Your penultimate paragraph is, I think, the critical piece. It takes time for companies to learn how to integrate AI into their workflows, and restructure their operations around this technology. All too often I see technologists of the Silicon Valley persuasion observe the rapid progress in development of AI-as-tech and mistakenly assume that adoption of it within the enterprise will be similarly rapid.
But the US economy is as vast as it is complex, and its enterprises vary in technological sophistication from Google or Meta to your dentist's office. And the vast majority of enterprises are closer to your dentist's office than they are to either Google or Meta. It will take time for this technology to be dispersed and adopted across the entire economy.
Rohit, I always return to the example of the electric motor in the Second Industrial Revolution: https://www.lianeon.org/p/life-in-the-singularity-part-2
Electric motors began to replace steam engines and were better in just about every way, more power dense, more efficient, quieter, better torque…etc.
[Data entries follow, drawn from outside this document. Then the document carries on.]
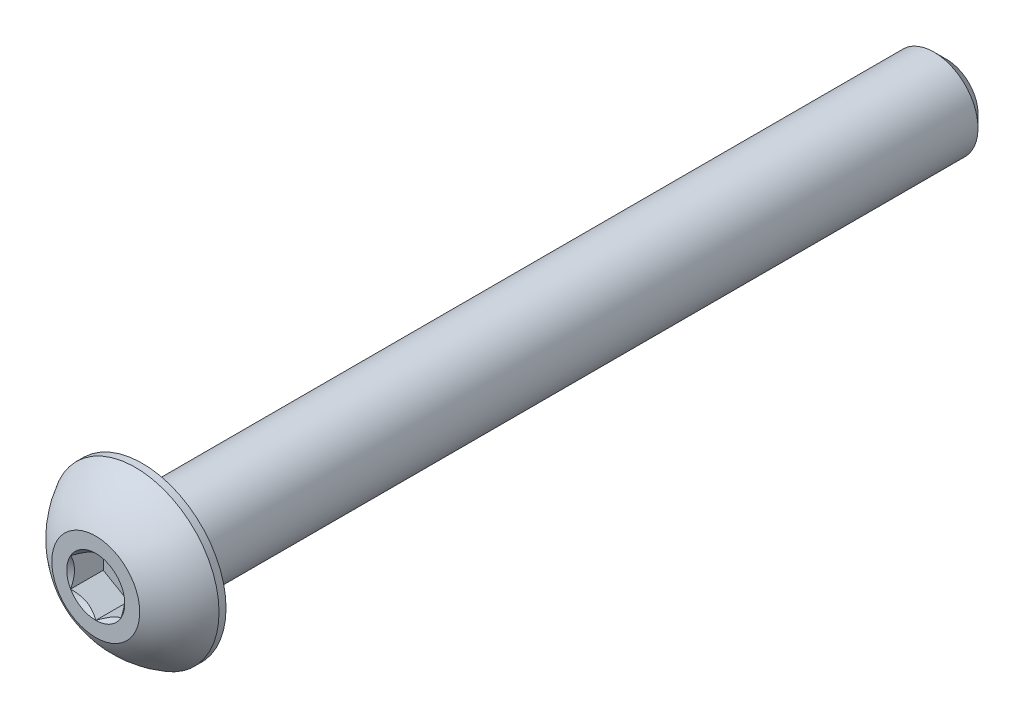
ISO-10303-21;
HEADER;
FILE_DESCRIPTION(('STEP AP214'),'2;1');
FILE_NAME('part.step','',(''),(''),'','','');
FILE_SCHEMA(('AUTOMOTIVE_DESIGN { 1 0 10303 214 1 1 1 1 }'));
ENDSEC;
DATA;
#1=APPLICATION_CONTEXT('core data for automotive mechanical design processes');
#2=APPLICATION_PROTOCOL_DEFINITION('international standard','automotive_design',2000,#1);
#3=PRODUCT_CONTEXT('',#1,'mechanical');
#4=PRODUCT('Part','Part','',(#3));
#5=PRODUCT_RELATED_PRODUCT_CATEGORY('part','',(#4));
#6=PRODUCT_DEFINITION_FORMATION('','',#4);
#7=PRODUCT_DEFINITION_CONTEXT('part definition',#1,'design');
#8=PRODUCT_DEFINITION('design','',#6,#7);
#9=PRODUCT_DEFINITION_SHAPE('','',#8);
#10=(LENGTH_UNIT() NAMED_UNIT(*) SI_UNIT(.MILLI.,.METRE.));
#11=(NAMED_UNIT(*) PLANE_ANGLE_UNIT() SI_UNIT($,.RADIAN.));
#12=(NAMED_UNIT(*) SI_UNIT($,.STERADIAN.) SOLID_ANGLE_UNIT());
#13=UNCERTAINTY_MEASURE_WITH_UNIT(LENGTH_MEASURE(1.E-05),#10,'distance_accuracy_value','');
#14=(GEOMETRIC_REPRESENTATION_CONTEXT(3) GLOBAL_UNCERTAINTY_ASSIGNED_CONTEXT((#13)) GLOBAL_UNIT_ASSIGNED_CONTEXT((#10,
#11,#12)) REPRESENTATION_CONTEXT('',''));
#15=CARTESIAN_POINT('',(0.,0.,0.));
#16=DIRECTION('',(0.,0.,1.));
#17=DIRECTION('',(1.,0.,0.));
#18=AXIS2_PLACEMENT_3D('',#15,#16,#17);
#19=CARTESIAN_POINT('',(0.,-2.0828,-40.3098));
#20=DIRECTION('',(0.,0.,-1.));
#21=DIRECTION('',(0.,1.,0.));
#22=AXIS2_PLACEMENT_3D('',#19,#20,#21);
#23=PLANE('',#22);
#24=CARTESIAN_POINT('',(0.,0.,-40.3098));
#25=DIRECTION('',(0.,0.,-1.));
#26=DIRECTION('',(0.,1.,0.));
#27=AXIS2_PLACEMENT_3D('',#24,#25,#26);
#28=CIRCLE('',#27,1.4874875);
#29=CARTESIAN_POINT('',(0.,1.4874875,-40.3098));
#30=VERTEX_POINT('',#29);
#31=EDGE_CURVE('E176',#30,#30,#28,.T.);
#32=ORIENTED_EDGE('',*,*,#31,.T.);
#33=EDGE_LOOP('',(#32));
#34=FACE_BOUND('',#33,.T.);
#35=ADVANCED_FACE('F37',(#34),#23,.T.);
#36=CARTESIAN_POINT('',(0.,0.,-40.3098));
#37=DIRECTION('',(0.,0.,-1.));
#38=DIRECTION('',(0.,1.,0.));
#39=AXIS2_PLACEMENT_3D('',#36,#37,#38);
#40=CYLINDRICAL_SURFACE('',#39,2.0828);
#41=CARTESIAN_POINT('',(0.,0.,-39.7144875));
#42=DIRECTION('',(0.,0.,-1.));
#43=DIRECTION('',(0.,1.,0.));
#44=AXIS2_PLACEMENT_3D('',#41,#42,#43);
#45=CIRCLE('',#44,2.0828);
#46=CARTESIAN_POINT('',(0.,2.0828,-39.7144875));
#47=VERTEX_POINT('',#46);
#48=EDGE_CURVE('E50',#47,#47,#45,.F.);
#49=ORIENTED_EDGE('',*,*,#48,.T.);
#50=EDGE_LOOP('',(#49));
#51=FACE_BOUND('',#50,.T.);
#52=CARTESIAN_POINT('',(0.,0.,-2.2098));
#53=DIRECTION('',(0.,0.,1.));
#54=DIRECTION('',(1.,0.,0.));
#55=AXIS2_PLACEMENT_3D('',#52,#53,#54);
#56=CIRCLE('',#55,2.0828);
#57=CARTESIAN_POINT('',(2.0828,0.,-2.2098));
#58=VERTEX_POINT('',#57);
#59=EDGE_CURVE('E173',#58,#58,#56,.F.);
#60=ORIENTED_EDGE('',*,*,#59,.T.);
#61=EDGE_LOOP('',(#60));
#62=FACE_BOUND('',#61,.T.);
#63=ADVANCED_FACE('F181',(#51,#62),#40,.T.);
#64=CARTESIAN_POINT('',(0.,0.,-40.3098));
#65=DIRECTION('',(0.,0.,1.));
#66=DIRECTION('',(0.,-1.,0.));
#67=AXIS2_PLACEMENT_3D('',#64,#65,#66);
#68=CONICAL_SURFACE('',#67,1.4874875,0.785398163397444);
#69=ORIENTED_EDGE('',*,*,#48,.F.);
#70=EDGE_LOOP('',(#69));
#71=FACE_BOUND('',#70,.T.);
#72=ORIENTED_EDGE('',*,*,#31,.F.);
#73=EDGE_LOOP('',(#72));
#74=FACE_BOUND('',#73,.T.);
#75=ADVANCED_FACE('F39',(#71,#74),#68,.T.);
#76=CARTESIAN_POINT('',(0.,0.,-3.96380867816092));
#77=DIRECTION('',(0.,0.,1.));
#78=DIRECTION('',(0.,-1.,0.));
#79=AXIS2_PLACEMENT_3D('',#76,#77,#78);
#80=SPHERICAL_SURFACE('',#79,4.47770421947049);
#81=CARTESIAN_POINT('',(0.,0.,0.));
#82=DIRECTION('',(0.,0.,1.));
#83=DIRECTION('',(1.,0.,0.));
#84=AXIS2_PLACEMENT_3D('',#81,#82,#83);
#85=CIRCLE('',#84,2.0828);
#86=CARTESIAN_POINT('',(0.,-2.0828,0.));
#87=VERTEX_POINT('',#86);
#88=EDGE_CURVE('E170',#87,#87,#85,.T.);
#89=CARTESIAN_POINT('',(0.,0.,-1.87833));
#90=DIRECTION('',(0.,0.,1.));
#91=DIRECTION('',(1.,0.,0.));
#92=AXIS2_PLACEMENT_3D('',#89,#90,#91);
#93=CIRCLE('',#92,3.9624);
#94=CARTESIAN_POINT('',(0.,-3.9624,-1.87833));
#95=VERTEX_POINT('',#94);
#96=EDGE_CURVE('E164',#95,#95,#93,.T.);
#97=CARTESIAN_POINT('',(0.,-2.0828,0.));
#98=CARTESIAN_POINT('',(0.,-2.10767763915469,-0.0130720224519118));
#99=CARTESIAN_POINT('',(0.,-2.13243218251379,-0.0263783080421214));
#100=CARTESIAN_POINT('',(0.,-2.18168637330346,-0.0534545587178047));
#101=CARTESIAN_POINT('',(0.,-2.20618602073402,-0.0672245238032785));
#102=CARTESIAN_POINT('',(0.,-2.25492171532922,-0.0952232866881573));
#103=CARTESIAN_POINT('',(0.,-2.27915776249386,-0.109452084487562));
#104=CARTESIAN_POINT('',(0.,-2.32735766987977,-0.138363459316015));
#105=CARTESIAN_POINT('',(0.,-2.35132153010104,-0.153046036345062));
#106=CARTESIAN_POINT('',(0.,-2.39896856692664,-0.18285976708332));
#107=CARTESIAN_POINT('',(0.,-2.42265174353097,-0.197990920792531));
#108=CARTESIAN_POINT('',(0.,-2.46972901769116,-0.22869644015681));
#109=CARTESIAN_POINT('',(0.,-2.49312311524702,-0.244270805811878));
#110=CARTESIAN_POINT('',(0.,-2.53961393789287,-0.275857228060144));
#111=CARTESIAN_POINT('',(0.,-2.56271066298285,-0.291869284653343));
#112=CARTESIAN_POINT('',(0.,-2.60859855282429,-0.324325412379582));
#113=CARTESIAN_POINT('',(0.,-2.63138971757574,-0.340769483512622));
#114=CARTESIAN_POINT('',(0.,-2.67665840715661,-0.37408381082988));
#115=CARTESIAN_POINT('',(0.,-2.69913593198603,-0.390954067014097));
#116=CARTESIAN_POINT('',(0.,-2.74376937333514,-0.425114783844113));
#117=CARTESIAN_POINT('',(0.,-2.76592528985483,-0.442405244489911));
#118=CARTESIAN_POINT('',(0.,-2.80990766020607,-0.477400240693378));
#119=CARTESIAN_POINT('',(0.,-2.83173411403762,-0.495104776251046));
#120=CARTESIAN_POINT('',(0.,-2.8750498214309,-0.530921645935844));
#121=CARTESIAN_POINT('',(0.,-2.89653907499262,-0.549033980062974));
#122=CARTESIAN_POINT('',(0.,-2.93917276380349,-0.585660025978065));
#123=CARTESIAN_POINT('',(0.,-2.96031719905264,-0.604173737766026));
#124=CARTESIAN_POINT('',(0.,-3.00225375543539,-0.641595975803774));
#125=CARTESIAN_POINT('',(0.,-3.02304587656898,-0.66050450205356));
#126=CARTESIAN_POINT('',(0.,-3.06427043381468,-0.698709665852367));
#127=CARTESIAN_POINT('',(0.,-3.08470286992677,-0.718006303401387));
#128=CARTESIAN_POINT('',(0.,-3.12520081373355,-0.756980849048763));
#129=CARTESIAN_POINT('',(0.,-3.14526632142825,-0.776658757147117));
#130=CARTESIAN_POINT('',(0.,-3.1850232950822,-0.816388867981036));
#131=CARTESIAN_POINT('',(0.,-3.20471476104147,-0.836441070716601));
#132=CARTESIAN_POINT('',(0.,-3.24371667050612,-0.876912662223586));
#133=CARTESIAN_POINT('',(0.,-3.2630271140115,-0.897332050995006));
#134=CARTESIAN_POINT('',(0.,-3.30126013292422,-0.938530775803146));
#135=CARTESIAN_POINT('',(0.,-3.32018270833155,-0.959310111839867));
#136=CARTESIAN_POINT('',(0.,-3.35763328290506,-1.00122136480503));
#137=CARTESIAN_POINT('',(0.,-3.37616128207125,-1.02235328173348));
#138=CARTESIAN_POINT('',(0.,-3.41281613589854,-1.06496220511693));
#139=CARTESIAN_POINT('',(0.,-3.43094299055964,-1.08643921157194));
#140=CARTESIAN_POINT('',(0.,-3.46678912932052,-1.12973070030741));
#141=CARTESIAN_POINT('',(0.,-3.4845084134203,-1.15154518258787));
#142=CARTESIAN_POINT('',(0.,-3.51953312948771,-1.19550388963656));
#143=CARTESIAN_POINT('',(0.,-3.53683856145534,-1.21764811440477));
#144=CARTESIAN_POINT('',(0.,-3.57102943840132,-1.26225845619532));
#145=CARTESIAN_POINT('',(0.,-3.58791488337967,-1.28472457321766));
#146=CARTESIAN_POINT('',(0.,-3.62125980037301,-1.32997073517287));
#147=CARTESIAN_POINT('',(0.,-3.637719272388,-1.35275078010575));
#148=CARTESIAN_POINT('',(0.,-3.67020640850626,-1.39861672224058));
#149=CARTESIAN_POINT('',(0.,-3.68623407260953,-1.42170261944253));
#150=CARTESIAN_POINT('',(0.,-3.71785191097313,-1.46817208208141));
#151=CARTESIAN_POINT('',(0.,-3.73344208523347,-1.49155564751835));
#152=CARTESIAN_POINT('',(0.,-3.76417941729919,-1.53861215694335));
#153=CARTESIAN_POINT('',(0.,-3.77932657510458,-1.56228510093141));
#154=CARTESIAN_POINT('',(0.,-3.80917250385283,-1.60991197565512));
#155=CARTESIAN_POINT('',(0.,-3.82387127479568,-1.63386590639077));
#156=CARTESIAN_POINT('',(0.,-3.85281522152763,-1.68204626145442));
#157=CARTESIAN_POINT('',(0.,-3.86706039731673,-1.70627268578243));
#158=CARTESIAN_POINT('',(0.,-3.89509209445425,-1.754989444771));
#159=CARTESIAN_POINT('',(0.,-3.90887861580268,-1.77947977943156));
#160=CARTESIAN_POINT('',(0.,-3.93598815139536,-1.8287156580258));
#161=CARTESIAN_POINT('',(0.,-3.94931116563961,-1.85346120195948));
#162=CARTESIAN_POINT('',(0.,-3.9624,-1.87833));
#163=B_SPLINE_CURVE_WITH_KNOTS('',3,(#97,#98,#99,#100,#101,#102,#103,#104,#105,#106,#107,#108,
#109,#110,#111,#112,#113,#114,#115,#116,#117,#118,#119,#120,#121,#122,#123,#124,#125,#126,#127,
#128,#129,#130,#131,#132,#133,#134,#135,#136,#137,#138,#139,#140,#141,#142,#143,#144,#145,#146,
#147,#148,#149,#150,#151,#152,#153,#154,#155,#156,#157,#158,#159,#160,#161,#162),.UNSPECIFIED.,
.F.,.F.,(4,2,2,2,2,2,2,2,2,2,2,2,2,2,2,2,2,2,2,2,2,2,2,2,2,2,2,2,2,2,2,2,4),(0.,
0.0843075442014962,0.168615088402992,0.252922632604488,0.337230176805985,0.421537721007481,
0.505845265208977,0.590152809410473,0.674460353611969,0.758767897813466,0.843075442014961,
0.927382986216458,1.01169053041795,1.09599807461945,1.18030561882095,1.26461316302244,
1.34892070722394,1.43322825142543,1.51753579562693,1.60184333982843,1.68615088402992,
1.77045842823142,1.85476597243292,1.93907351663441,2.02338106083591,2.1076886050374,
2.1919961492389,2.2763036934404,2.36061123764189,2.44491878184339,2.52922632604488,
2.61353387024638,2.69784141444788),.UNSPECIFIED.);
#164=EDGE_CURVE('BSEAM186',#87,#95,#163,.T.);
#165=ORIENTED_EDGE('',*,*,#88,.F.);
#166=ORIENTED_EDGE('',*,*,#96,.T.);
#167=ORIENTED_EDGE('',*,*,#164,.T.);
#168=ORIENTED_EDGE('',*,*,#164,.F.);
#169=EDGE_LOOP('',(#165,#167,#166,#168));
#170=FACE_BOUND('',#169,.T.);
#171=ADVANCED_FACE('F186',(#170),#80,.T.);
#172=CARTESIAN_POINT('',(0.,-2.0828,0.));
#173=DIRECTION('',(0.,0.,-1.));
#174=DIRECTION('',(-1.,0.,0.));
#175=AXIS2_PLACEMENT_3D('',#172,#173,#174);
#176=PLANE('',#175);
#177=CARTESIAN_POINT('',(0.,0.,0.));
#178=DIRECTION('',(0.,0.,1.));
#179=DIRECTION('',(1.,0.,0.));
#180=AXIS2_PLACEMENT_3D('',#177,#178,#179);
#181=CIRCLE('',#180,1.3748153285078);
#182=CARTESIAN_POINT('',(-1.190625,0.687407664253898,0.));
#183=VERTEX_POINT('',#182);
#184=CARTESIAN_POINT('',(-1.190625,-0.687407664253899,0.));
#185=VERTEX_POINT('',#184);
#186=EDGE_CURVE('E63',#183,#185,#181,.T.);
#187=ORIENTED_EDGE('',*,*,#186,.F.);
#188=CARTESIAN_POINT('',(0.,1.3748153285078,0.));
#189=VERTEX_POINT('',#188);
#190=EDGE_CURVE('E135',#189,#183,#181,.T.);
#191=ORIENTED_EDGE('',*,*,#190,.F.);
#192=CARTESIAN_POINT('',(1.190625,0.687407664253899,0.));
#193=VERTEX_POINT('',#192);
#194=EDGE_CURVE('E132',#193,#189,#181,.T.);
#195=ORIENTED_EDGE('',*,*,#194,.F.);
#196=CARTESIAN_POINT('',(1.190625,-0.687407664253899,0.));
#197=VERTEX_POINT('',#196);
#198=EDGE_CURVE('E103',#197,#193,#181,.T.);
#199=ORIENTED_EDGE('',*,*,#198,.F.);
#200=CARTESIAN_POINT('',(0.,-1.3748153285078,0.));
#201=VERTEX_POINT('',#200);
#202=EDGE_CURVE('E95',#201,#197,#181,.T.);
#203=ORIENTED_EDGE('',*,*,#202,.F.);
#204=EDGE_CURVE('E56',#185,#201,#181,.T.);
#205=ORIENTED_EDGE('',*,*,#204,.F.);
#206=EDGE_LOOP('',(#187,#191,#195,#199,#203,#205));
#207=FACE_BOUND('',#206,.T.);
#208=ORIENTED_EDGE('',*,*,#88,.T.);
#209=EDGE_LOOP('',(#208));
#210=FACE_BOUND('',#209,.T.);
#211=ADVANCED_FACE('F129',(#207,#210),#176,.F.);
#212=CARTESIAN_POINT('',(0.,-3.9624,-2.2098));
#213=DIRECTION('',(0.,0.,1.));
#214=DIRECTION('',(1.,0.,0.));
#215=AXIS2_PLACEMENT_3D('',#212,#213,#214);
#216=PLANE('',#215);
#217=ORIENTED_EDGE('',*,*,#59,.F.);
#218=EDGE_LOOP('',(#217));
#219=FACE_BOUND('',#218,.T.);
#220=CARTESIAN_POINT('',(0.,0.,-2.2098));
#221=DIRECTION('',(0.,0.,1.));
#222=DIRECTION('',(1.,0.,0.));
#223=AXIS2_PLACEMENT_3D('',#220,#221,#222);
#224=CIRCLE('',#223,3.9624);
#225=CARTESIAN_POINT('',(3.9624,0.,-2.2098));
#226=VERTEX_POINT('',#225);
#227=EDGE_CURVE('E167',#226,#226,#224,.T.);
#228=ORIENTED_EDGE('',*,*,#227,.F.);
#229=EDGE_LOOP('',(#228));
#230=FACE_BOUND('',#229,.T.);
#231=ADVANCED_FACE('F200',(#219,#230),#216,.F.);
#232=CARTESIAN_POINT('',(0.,0.,0.));
#233=DIRECTION('',(0.,0.,1.));
#234=DIRECTION('',(1.,0.,0.));
#235=AXIS2_PLACEMENT_3D('',#232,#233,#234);
#236=CYLINDRICAL_SURFACE('',#235,3.9624);
#237=ORIENTED_EDGE('',*,*,#96,.F.);
#238=EDGE_LOOP('',(#237));
#239=FACE_BOUND('',#238,.T.);
#240=ORIENTED_EDGE('',*,*,#227,.T.);
#241=EDGE_LOOP('',(#240));
#242=FACE_BOUND('',#241,.T.);
#243=ADVANCED_FACE('F203',(#239,#242),#236,.T.);
#244=CARTESIAN_POINT('',(0.,0.,0.));
#245=DIRECTION('',(0.,0.,1.));
#246=DIRECTION('',(1.,0.,0.));
#247=AXIS2_PLACEMENT_3D('',#244,#245,#246);
#248=CONICAL_SURFACE('',#247,1.3748153285078,0.78539816339745);
#249=ORIENTED_EDGE('',*,*,#198,.T.);
#250=CARTESIAN_POINT('',(1.190625,-1.37097145294693,0.44099044728994));
#251=CARTESIAN_POINT('',(1.190625,-1.3375892063789,0.415789988807826));
#252=CARTESIAN_POINT('',(1.190625,-1.30402095496658,0.39083662023745));
#253=CARTESIAN_POINT('',(1.190625,-1.23643692297761,0.341526087177203));
#254=CARTESIAN_POINT('',(1.190625,-1.20242103219112,0.317169073899369));
#255=CARTESIAN_POINT('',(1.190625,-1.09909081482554,0.244798208989214));
#256=CARTESIAN_POINT('',(1.190625,-1.02900143506767,0.197872622595561));
#257=CARTESIAN_POINT('',(1.190625,-0.882026737424228,0.105752103325632));
#258=CARTESIAN_POINT('',(1.190625,-0.80498186601998,0.0608088372420604));
#259=CARTESIAN_POINT('',(1.190625,-0.647043893307964,-0.0214019754931318));
#260=CARTESIAN_POINT('',(1.190625,-0.56616494370292,-0.058695398267878));
#261=CARTESIAN_POINT('',(1.190625,-0.444764933868855,-0.104320444436902));
#262=CARTESIAN_POINT('',(1.190625,-0.406041211486712,-0.117415160978515));
#263=CARTESIAN_POINT('',(1.190625,-0.327658904711932,-0.140495724103359));
#264=CARTESIAN_POINT('',(1.190625,-0.288000256118251,-0.150481356514043));
#265=CARTESIAN_POINT('',(1.190625,-0.208647693212096,-0.166658770934747));
#266=CARTESIAN_POINT('',(1.190625,-0.168967240621961,-0.172915554151022));
#267=CARTESIAN_POINT('',(1.190625,-0.0891819742965327,-0.181513111581485));
#268=CARTESIAN_POINT('',(1.190625,-0.0490772347013119,-0.183854558950103));
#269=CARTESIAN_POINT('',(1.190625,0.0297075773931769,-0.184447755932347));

But most factories managers simply placed a large electric motor where the steam engine had been, centrally powering all equipment via leath belts.
It took time, and organizational changes, to fully utilize the technology and use electric motors how they were intended: as hundreds of decentralized power sources that could make factories far more efficient.
I suspect that, to some extent, this is happening with AI. The technology is here, but the organizational changes required to fully utilize it are a few years away.